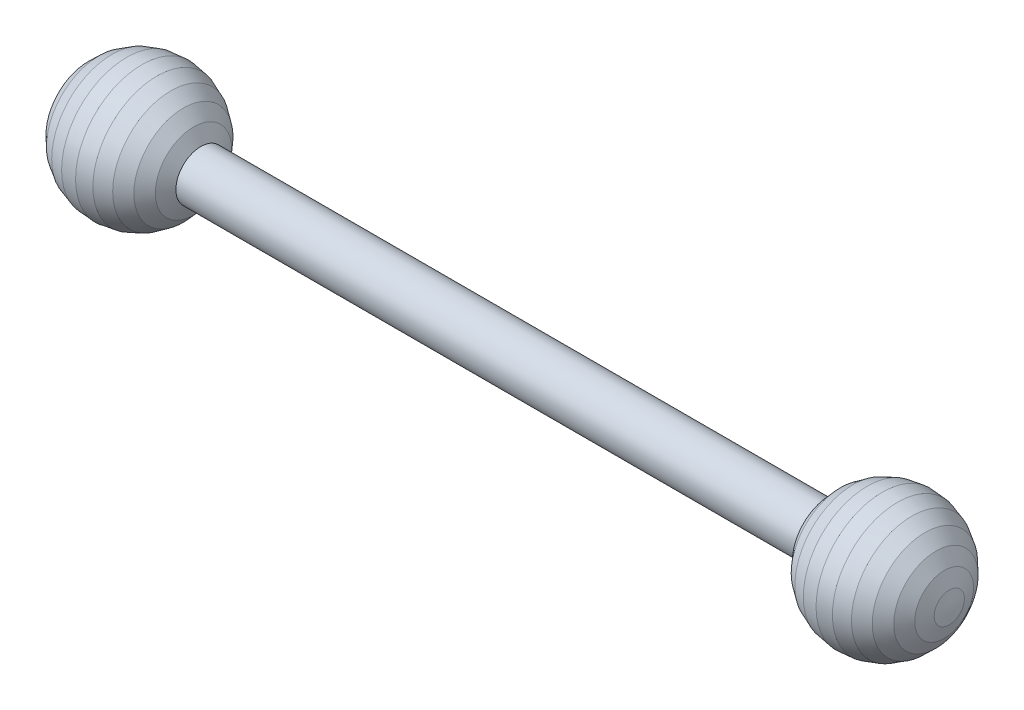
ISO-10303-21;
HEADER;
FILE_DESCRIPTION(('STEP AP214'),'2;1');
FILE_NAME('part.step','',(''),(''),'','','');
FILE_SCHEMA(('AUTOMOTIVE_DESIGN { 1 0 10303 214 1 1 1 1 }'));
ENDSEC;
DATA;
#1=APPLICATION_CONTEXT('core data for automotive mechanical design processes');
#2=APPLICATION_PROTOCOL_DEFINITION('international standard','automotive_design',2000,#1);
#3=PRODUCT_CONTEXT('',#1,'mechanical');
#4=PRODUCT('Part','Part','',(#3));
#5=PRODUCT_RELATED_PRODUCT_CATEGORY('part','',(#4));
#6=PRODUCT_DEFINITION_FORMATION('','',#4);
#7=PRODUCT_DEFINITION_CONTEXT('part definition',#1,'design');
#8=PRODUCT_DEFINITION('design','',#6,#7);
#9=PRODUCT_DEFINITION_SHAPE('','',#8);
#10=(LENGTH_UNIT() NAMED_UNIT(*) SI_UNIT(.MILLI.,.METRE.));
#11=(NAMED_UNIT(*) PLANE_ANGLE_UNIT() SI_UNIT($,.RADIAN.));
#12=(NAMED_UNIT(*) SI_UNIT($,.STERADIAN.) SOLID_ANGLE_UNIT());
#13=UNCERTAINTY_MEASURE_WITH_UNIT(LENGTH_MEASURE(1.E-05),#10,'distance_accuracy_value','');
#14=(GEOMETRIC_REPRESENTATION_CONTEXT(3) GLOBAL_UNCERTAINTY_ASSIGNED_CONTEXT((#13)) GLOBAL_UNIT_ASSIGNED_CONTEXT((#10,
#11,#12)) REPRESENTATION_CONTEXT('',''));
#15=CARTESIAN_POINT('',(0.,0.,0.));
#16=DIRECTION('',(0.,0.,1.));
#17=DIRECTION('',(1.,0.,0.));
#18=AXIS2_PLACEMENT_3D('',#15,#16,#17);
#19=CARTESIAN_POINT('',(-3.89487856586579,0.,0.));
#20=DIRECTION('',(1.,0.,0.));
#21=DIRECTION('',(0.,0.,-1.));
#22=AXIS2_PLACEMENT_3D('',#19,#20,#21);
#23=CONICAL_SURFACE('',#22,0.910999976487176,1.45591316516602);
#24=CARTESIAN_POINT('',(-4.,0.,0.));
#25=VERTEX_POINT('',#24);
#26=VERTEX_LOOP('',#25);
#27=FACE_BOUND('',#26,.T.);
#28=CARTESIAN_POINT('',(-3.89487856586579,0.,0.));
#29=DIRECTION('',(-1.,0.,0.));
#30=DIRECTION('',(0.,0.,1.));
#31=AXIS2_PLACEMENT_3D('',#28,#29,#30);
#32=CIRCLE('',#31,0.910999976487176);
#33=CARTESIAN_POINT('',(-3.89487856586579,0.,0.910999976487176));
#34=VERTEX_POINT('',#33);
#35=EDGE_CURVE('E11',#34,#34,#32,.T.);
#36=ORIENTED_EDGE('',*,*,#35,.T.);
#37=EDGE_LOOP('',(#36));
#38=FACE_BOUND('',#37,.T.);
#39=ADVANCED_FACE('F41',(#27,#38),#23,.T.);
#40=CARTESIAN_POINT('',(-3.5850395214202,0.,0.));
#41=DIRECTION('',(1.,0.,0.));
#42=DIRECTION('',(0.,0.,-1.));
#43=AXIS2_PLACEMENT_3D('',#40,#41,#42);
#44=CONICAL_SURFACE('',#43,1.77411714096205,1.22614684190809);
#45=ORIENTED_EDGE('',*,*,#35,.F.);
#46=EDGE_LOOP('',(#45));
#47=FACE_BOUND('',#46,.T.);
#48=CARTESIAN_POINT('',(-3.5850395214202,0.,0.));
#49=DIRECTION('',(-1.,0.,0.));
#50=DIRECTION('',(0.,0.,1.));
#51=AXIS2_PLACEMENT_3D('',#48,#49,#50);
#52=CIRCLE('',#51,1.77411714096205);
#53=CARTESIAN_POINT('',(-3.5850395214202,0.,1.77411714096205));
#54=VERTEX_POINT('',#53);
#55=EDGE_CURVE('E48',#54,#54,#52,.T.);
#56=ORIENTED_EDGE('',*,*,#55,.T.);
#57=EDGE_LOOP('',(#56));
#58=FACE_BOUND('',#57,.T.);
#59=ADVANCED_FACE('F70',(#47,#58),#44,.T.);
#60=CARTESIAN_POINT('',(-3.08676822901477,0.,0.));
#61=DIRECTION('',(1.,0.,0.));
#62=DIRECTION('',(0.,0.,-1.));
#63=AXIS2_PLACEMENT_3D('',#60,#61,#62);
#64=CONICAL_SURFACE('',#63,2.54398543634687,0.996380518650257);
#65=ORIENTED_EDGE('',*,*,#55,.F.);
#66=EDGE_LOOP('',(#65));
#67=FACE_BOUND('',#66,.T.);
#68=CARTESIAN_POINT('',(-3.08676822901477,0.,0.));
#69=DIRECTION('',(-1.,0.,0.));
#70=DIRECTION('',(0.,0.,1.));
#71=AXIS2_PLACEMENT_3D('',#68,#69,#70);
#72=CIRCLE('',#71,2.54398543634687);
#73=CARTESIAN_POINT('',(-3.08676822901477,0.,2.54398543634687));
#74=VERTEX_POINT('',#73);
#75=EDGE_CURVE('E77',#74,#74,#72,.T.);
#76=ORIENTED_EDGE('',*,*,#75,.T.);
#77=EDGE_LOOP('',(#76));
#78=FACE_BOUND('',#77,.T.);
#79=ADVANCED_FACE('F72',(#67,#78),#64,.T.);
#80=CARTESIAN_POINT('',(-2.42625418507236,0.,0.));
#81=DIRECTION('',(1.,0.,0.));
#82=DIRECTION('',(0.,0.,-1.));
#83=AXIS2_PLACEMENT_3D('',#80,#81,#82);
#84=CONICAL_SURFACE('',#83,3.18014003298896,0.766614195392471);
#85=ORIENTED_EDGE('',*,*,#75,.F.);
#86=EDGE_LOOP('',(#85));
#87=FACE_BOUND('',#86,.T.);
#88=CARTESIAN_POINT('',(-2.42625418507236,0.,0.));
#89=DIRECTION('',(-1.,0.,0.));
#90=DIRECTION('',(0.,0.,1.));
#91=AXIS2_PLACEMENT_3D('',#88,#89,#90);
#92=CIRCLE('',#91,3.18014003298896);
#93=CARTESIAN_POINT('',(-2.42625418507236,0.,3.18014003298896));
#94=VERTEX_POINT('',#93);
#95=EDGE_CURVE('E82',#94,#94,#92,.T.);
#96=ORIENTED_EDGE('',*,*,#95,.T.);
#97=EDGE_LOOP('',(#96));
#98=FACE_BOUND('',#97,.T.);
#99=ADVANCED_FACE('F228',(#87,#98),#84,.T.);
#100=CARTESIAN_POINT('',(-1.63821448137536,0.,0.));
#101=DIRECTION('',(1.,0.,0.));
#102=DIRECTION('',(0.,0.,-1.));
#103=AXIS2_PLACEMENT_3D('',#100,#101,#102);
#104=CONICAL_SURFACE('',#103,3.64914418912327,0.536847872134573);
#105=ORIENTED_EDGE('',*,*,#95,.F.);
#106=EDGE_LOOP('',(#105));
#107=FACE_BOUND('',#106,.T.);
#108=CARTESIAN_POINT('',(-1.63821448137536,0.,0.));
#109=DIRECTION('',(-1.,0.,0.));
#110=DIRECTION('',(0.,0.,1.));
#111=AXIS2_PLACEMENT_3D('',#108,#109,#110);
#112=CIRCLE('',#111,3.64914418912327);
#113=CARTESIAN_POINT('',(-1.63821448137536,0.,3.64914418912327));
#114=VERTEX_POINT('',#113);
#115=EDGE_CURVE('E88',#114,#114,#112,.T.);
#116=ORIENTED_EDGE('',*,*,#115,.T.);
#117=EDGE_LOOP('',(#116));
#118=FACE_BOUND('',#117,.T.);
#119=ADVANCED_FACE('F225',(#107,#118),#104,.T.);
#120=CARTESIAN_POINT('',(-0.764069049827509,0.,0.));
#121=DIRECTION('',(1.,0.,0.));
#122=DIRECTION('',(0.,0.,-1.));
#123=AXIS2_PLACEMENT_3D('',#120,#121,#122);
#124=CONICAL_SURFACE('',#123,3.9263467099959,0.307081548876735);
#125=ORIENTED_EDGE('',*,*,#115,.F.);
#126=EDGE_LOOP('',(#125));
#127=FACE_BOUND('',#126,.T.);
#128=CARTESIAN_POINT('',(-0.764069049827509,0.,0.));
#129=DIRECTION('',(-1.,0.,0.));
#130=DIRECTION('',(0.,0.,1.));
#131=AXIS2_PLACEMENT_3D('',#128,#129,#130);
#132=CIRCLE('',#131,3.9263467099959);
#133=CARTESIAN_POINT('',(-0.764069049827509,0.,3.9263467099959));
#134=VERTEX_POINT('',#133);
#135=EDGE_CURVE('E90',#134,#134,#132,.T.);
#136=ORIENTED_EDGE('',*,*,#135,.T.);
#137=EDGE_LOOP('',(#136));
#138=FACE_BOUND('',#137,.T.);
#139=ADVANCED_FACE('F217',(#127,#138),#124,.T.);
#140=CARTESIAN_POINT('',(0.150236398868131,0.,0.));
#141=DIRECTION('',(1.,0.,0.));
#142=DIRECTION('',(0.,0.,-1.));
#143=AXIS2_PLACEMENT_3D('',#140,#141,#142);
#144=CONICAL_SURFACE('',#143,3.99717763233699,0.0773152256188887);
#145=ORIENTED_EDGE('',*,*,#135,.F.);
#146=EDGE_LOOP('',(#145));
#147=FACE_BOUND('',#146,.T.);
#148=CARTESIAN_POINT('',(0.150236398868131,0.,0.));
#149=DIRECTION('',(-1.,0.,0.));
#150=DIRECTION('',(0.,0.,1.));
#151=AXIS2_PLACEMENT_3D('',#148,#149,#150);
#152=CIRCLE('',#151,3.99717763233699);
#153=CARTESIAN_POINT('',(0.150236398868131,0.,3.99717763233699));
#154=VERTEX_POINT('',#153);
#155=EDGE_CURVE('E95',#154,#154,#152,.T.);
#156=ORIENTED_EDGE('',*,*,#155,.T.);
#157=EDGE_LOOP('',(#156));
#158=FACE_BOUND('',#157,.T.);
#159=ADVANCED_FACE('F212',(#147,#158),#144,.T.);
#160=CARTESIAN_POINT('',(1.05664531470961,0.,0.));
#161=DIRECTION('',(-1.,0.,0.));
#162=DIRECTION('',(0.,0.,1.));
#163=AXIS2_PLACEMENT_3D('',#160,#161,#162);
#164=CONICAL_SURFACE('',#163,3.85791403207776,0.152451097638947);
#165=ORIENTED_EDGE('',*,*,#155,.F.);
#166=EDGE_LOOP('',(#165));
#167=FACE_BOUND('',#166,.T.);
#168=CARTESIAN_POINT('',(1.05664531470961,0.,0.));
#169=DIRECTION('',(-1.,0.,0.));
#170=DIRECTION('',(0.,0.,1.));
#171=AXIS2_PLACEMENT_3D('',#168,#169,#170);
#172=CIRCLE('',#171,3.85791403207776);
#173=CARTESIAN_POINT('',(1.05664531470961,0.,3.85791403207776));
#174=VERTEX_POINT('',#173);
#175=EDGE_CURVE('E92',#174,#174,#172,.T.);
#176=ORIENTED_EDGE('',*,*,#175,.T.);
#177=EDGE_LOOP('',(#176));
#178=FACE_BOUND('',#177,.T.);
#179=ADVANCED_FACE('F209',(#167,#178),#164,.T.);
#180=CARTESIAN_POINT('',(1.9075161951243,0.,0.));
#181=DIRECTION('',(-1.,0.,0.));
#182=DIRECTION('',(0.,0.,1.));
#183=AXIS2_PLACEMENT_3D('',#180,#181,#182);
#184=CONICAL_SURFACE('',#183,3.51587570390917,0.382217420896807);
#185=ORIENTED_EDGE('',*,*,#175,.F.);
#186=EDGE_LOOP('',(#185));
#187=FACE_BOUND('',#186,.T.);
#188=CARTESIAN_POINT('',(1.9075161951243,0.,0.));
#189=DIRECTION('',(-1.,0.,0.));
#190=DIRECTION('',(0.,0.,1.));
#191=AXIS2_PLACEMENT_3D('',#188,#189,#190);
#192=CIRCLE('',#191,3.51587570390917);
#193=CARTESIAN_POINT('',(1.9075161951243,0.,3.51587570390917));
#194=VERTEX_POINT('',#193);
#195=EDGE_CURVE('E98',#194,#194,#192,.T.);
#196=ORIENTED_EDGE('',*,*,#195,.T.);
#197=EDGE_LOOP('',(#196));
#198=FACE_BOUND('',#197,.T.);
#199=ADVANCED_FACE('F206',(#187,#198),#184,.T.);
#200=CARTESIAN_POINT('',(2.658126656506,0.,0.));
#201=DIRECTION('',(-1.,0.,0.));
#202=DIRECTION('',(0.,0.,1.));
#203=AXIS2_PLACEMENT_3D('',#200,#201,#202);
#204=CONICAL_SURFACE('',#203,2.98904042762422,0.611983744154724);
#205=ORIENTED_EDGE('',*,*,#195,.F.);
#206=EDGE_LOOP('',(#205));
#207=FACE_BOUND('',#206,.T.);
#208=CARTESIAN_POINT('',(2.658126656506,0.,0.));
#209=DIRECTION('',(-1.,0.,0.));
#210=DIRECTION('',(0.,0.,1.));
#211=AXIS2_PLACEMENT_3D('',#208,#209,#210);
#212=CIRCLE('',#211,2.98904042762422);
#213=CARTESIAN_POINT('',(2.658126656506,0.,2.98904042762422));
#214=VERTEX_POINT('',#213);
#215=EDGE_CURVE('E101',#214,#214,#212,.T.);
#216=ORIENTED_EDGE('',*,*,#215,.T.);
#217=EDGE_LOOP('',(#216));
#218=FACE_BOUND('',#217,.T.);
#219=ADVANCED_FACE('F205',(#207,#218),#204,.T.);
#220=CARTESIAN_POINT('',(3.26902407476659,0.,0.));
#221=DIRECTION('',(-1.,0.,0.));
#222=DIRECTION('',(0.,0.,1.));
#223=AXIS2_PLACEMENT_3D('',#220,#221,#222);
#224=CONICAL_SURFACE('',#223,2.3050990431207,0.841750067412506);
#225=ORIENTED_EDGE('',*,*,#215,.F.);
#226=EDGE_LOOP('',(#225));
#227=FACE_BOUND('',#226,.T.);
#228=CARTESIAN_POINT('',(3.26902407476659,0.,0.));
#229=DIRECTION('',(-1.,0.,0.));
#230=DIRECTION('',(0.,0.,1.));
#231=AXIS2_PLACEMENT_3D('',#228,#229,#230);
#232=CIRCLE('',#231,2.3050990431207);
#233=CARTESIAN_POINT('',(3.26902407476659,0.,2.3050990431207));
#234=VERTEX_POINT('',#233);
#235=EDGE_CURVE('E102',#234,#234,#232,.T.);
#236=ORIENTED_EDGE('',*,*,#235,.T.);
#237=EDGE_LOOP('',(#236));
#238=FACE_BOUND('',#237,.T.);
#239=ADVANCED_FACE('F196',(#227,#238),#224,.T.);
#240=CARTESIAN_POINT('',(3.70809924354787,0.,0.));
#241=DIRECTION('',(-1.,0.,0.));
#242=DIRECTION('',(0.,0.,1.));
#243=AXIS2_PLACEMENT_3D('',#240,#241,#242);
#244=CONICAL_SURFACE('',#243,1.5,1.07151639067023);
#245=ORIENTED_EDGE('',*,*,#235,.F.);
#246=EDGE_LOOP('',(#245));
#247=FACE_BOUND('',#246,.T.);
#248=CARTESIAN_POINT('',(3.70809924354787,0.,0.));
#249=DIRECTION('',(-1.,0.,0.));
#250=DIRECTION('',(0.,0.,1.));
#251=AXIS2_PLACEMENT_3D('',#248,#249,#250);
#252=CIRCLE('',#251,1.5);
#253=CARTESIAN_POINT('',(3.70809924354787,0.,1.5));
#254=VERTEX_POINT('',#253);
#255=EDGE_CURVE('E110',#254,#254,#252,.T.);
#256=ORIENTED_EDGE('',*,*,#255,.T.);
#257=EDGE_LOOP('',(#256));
========================================================================
Without the pictures, return the listing above from its first line through the line that has "#18=AXIS2_PLACEMENT_3D('',#15,#16,#17);".

**Finished task:**
ISO-10303-21;
HEADER;
FILE_DESCRIPTION(('STEP AP214'),'2;1');
FILE_NAME('part.step','',(''),(''),'','','');
FILE_SCHEMA(('AUTOMOTIVE_DESIGN { 1 0 10303 214 1 1 1 1 }'));
ENDSEC;
DATA;
#1=APPLICATION_CONTEXT('core data for automotive mechanical design processes');
#2=APPLICATION_PROTOCOL_DEFINITION('international standard','automotive_design',2000,#1);
#3=PRODUCT_CONTEXT('',#1,'mechanical');
#4=PRODUCT('Part','Part','',(#3));
#5=PRODUCT_RELATED_PRODUCT_CATEGORY('part','',(#4));
#6=PRODUCT_DEFINITION_FORMATION('','',#4);
#7=PRODUCT_DEFINITION_CONTEXT('part definition',#1,'design');
#8=PRODUCT_DEFINITION('design','',#6,#7);
#9=PRODUCT_DEFINITION_SHAPE('','',#8);
#10=(LENGTH_UNIT() NAMED_UNIT(*) SI_UNIT(.MILLI.,.METRE.));
#11=(NAMED_UNIT(*) PLANE_ANGLE_UNIT() SI_UNIT($,.RADIAN.));
#12=(NAMED_UNIT(*) SI_UNIT($,.STERADIAN.) SOLID_ANGLE_UNIT());
#13=UNCERTAINTY_MEASURE_WITH_UNIT(LENGTH_MEASURE(1.E-05),#10,'distance_accuracy_value','');
#14=(GEOMETRIC_REPRESENTATION_CONTEXT(3) GLOBAL_UNCERTAINTY_ASSIGNED_CONTEXT((#13)) GLOBAL_UNIT_ASSIGNED_CONTEXT((#10,
#11,#12)) REPRESENTATION_CONTEXT('',''));
#15=CARTESIAN_POINT('',(0.,0.,0.));
#16=DIRECTION('',(0.,0.,1.));
#17=DIRECTION('',(1.,0.,0.));
#18=AXIS2_PLACEMENT_3D('',#15,#16,#17);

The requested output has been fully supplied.